Notebook Description
01_Welcome.ipynb Welcome and setup guide
02_Intro_Ray_Train_Torch.ipynb Introduction to Ray Train with PyTorch
03_Fault_Tolerance_Torch.ipynb Fault tolerance in distributed training
04_Ray_Train_Ray_Data.ipynb Integration of Ray Train with Ray Data
05_Stable_Diffusion_Pretraining.ipynb Pretraining Stable Diffusion with Ray Train
Bonus_Ray_Train_Observability.ipynb Ray Train observability and monitoring
Intro_Train.ipynb Ray Train introduction
PyTorch_Ray_Train.ipynb PyTorch with Ray Train

Stable Diffusion Deep Dive (stable-diffusion/)

Notebook Description
01_Intro.ipynb Introduction to Stable Diffusion
02_Primer.ipynb Stable Diffusion primer
03_Preprocessing.ipynb Data preprocessing for Stable Diffusion
04_Pretraining.ipynb Stable Diffusion pretraining
bonus/04b_Advanced_Pretraining.ipynb Advanced pretraining techniques

Resources

Documentation

Papers

Blog Posts


Summary

The Key Takeaway:

Distributed training doesn't have to be painful.
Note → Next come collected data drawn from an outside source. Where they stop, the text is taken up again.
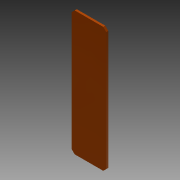
# Autodesk Inventor part: multiplier_pcb
Saved by Autodesk Inventor 2015 (Build 190159000, 159)
## iProperties
Created: 2014-10-08
Part Number: multiplier_pcb
Material: Phenolic Resin
Document SubType Name: Modeling
Designer: Adam
Density: 1.38 g/cm^3
Appearance: Smooth - Light Orange
Author: Adam
Autodesk Inventor part; units mm, degrees
ref_plane "YZ Plane" through (0, 0, 0) normal (1, 0, 0) x (0, 1, 0)
ref_plane "XZ Plane" through (0, 0, 0) normal (0, 1, 0) x (-1, 0, 0)
ref_plane "XY Plane" through (0, 0, 0) normal (0, 0, 1) x (1, 0, 0)
sketch "Sketch1" plane through (0, 0, 0) normal (0, 0, 1) x (1, 0, 0)
  arc A0 (6.9595, 53) -> (8.4595, 54.5) centre (6.9595, 54.5) ccw projected
  line L0 (1.4595, 54.5) -> (8.4595, 54.5) projected
  arc A1 (1.4595, 54.5) -> (-1.5405, 51.5) centre (1.4595, 51.5) ccw projected
  line L1 (-1.5405, -51.5) -> (-1.5405, 51.5) projected
  arc A2 (-1.5405, -51.5) -> (1.4595, -54.5) centre (1.4595, -51.5) ccw projected
  line L2 (8.4595, -54.5) -> (1.4595, -54.5) projected
  arc A3 (8.4595, -54.5) -> (6.9595, -53) centre (6.9595, -54.5) ccw projected
  line L3 (1.4595, -53) -> (6.9595, -53) projected
  arc A4 (-0.0405, -51.5) -> (1.4595, -53) centre (1.4595, -51.5) ccw projected
  line L4 (-0.0405, 51.5) -> (-0.0405, -51.5) projected
  arc A5 (1.4595, 53) -> (-0.0405, 51.5) centre (1.4595, 51.5) ccw projected
  line L5 (6.9595, 53) -> (1.4595, 53) projected
  arc A6 (1.4595, 54.1) -> (-1.1405, 51.5) centre (1.4595, 51.5) ccw construction
  line L6 (1.4595, 54.1) -> (26.2595, 54.1)
  line L7 (-1.1405, 51.5) -> (-1.1405, -51.5)
  arc A7 (-1.1405, -51.5) -> (1.4595, -54.1) centre (1.4595, -51.5) ccw construction
  line L8 (1.4595, -54.1) -> (26.2595, -54.1)
  line L9 (-1.1405, -51.5) -> (1.4595, -54.1)
  line L10 (1.4595, 54.1) -> (-1.1405, 51.5)
  line L11 (26.2595, 54.1) -> (28.8595, 51.5)
  line L12 (28.8595, 51.5) -> (28.8595, -51.5)
  line L13 (28.8595, -51.5) -> (26.2595, -54.1)
  point P0 (0, 0)
  dimension "d0" = 0.4
  dimension "d1" = 30
  constraints: 16 end point, 5 point on circle, 4 tangent, 2 centre point, 2 coincident, 2 horizontal, 2 horizontal alignment, 2 perpendicular, 2 vertical, 1 vertical alignment
  measures "d0" radial gap between concentric circles of A1 A6
  measures "d1" distance between parallel lines of L7 L12
extrude "Extrusion1" add sketch "Sketch1" along normal blind 1.8 contours L5 A5 L4 A4 L3 A3 L8 L9 L7 L10 L6 A0 | A0 L6 L11 L12 L13 L8 A3 L3 A4 L4 A5 L5
body "Solid1"

Ray Train gives you:

  • ✅ 90% less boilerplate than vanilla PyTorch
  • ✅ Same performance as native DDP/FSDP
  • ✅ Built-in fault tolerance and experiment tracking
  • ✅ Easy switching between strategies (DDP ↔ FSDP)
  • ✅ Seamless scaling to multiple nodes

Start with Ray Train DDP, upgrade to FSDP when needed. Skip vanilla PyTorch DDP entirely.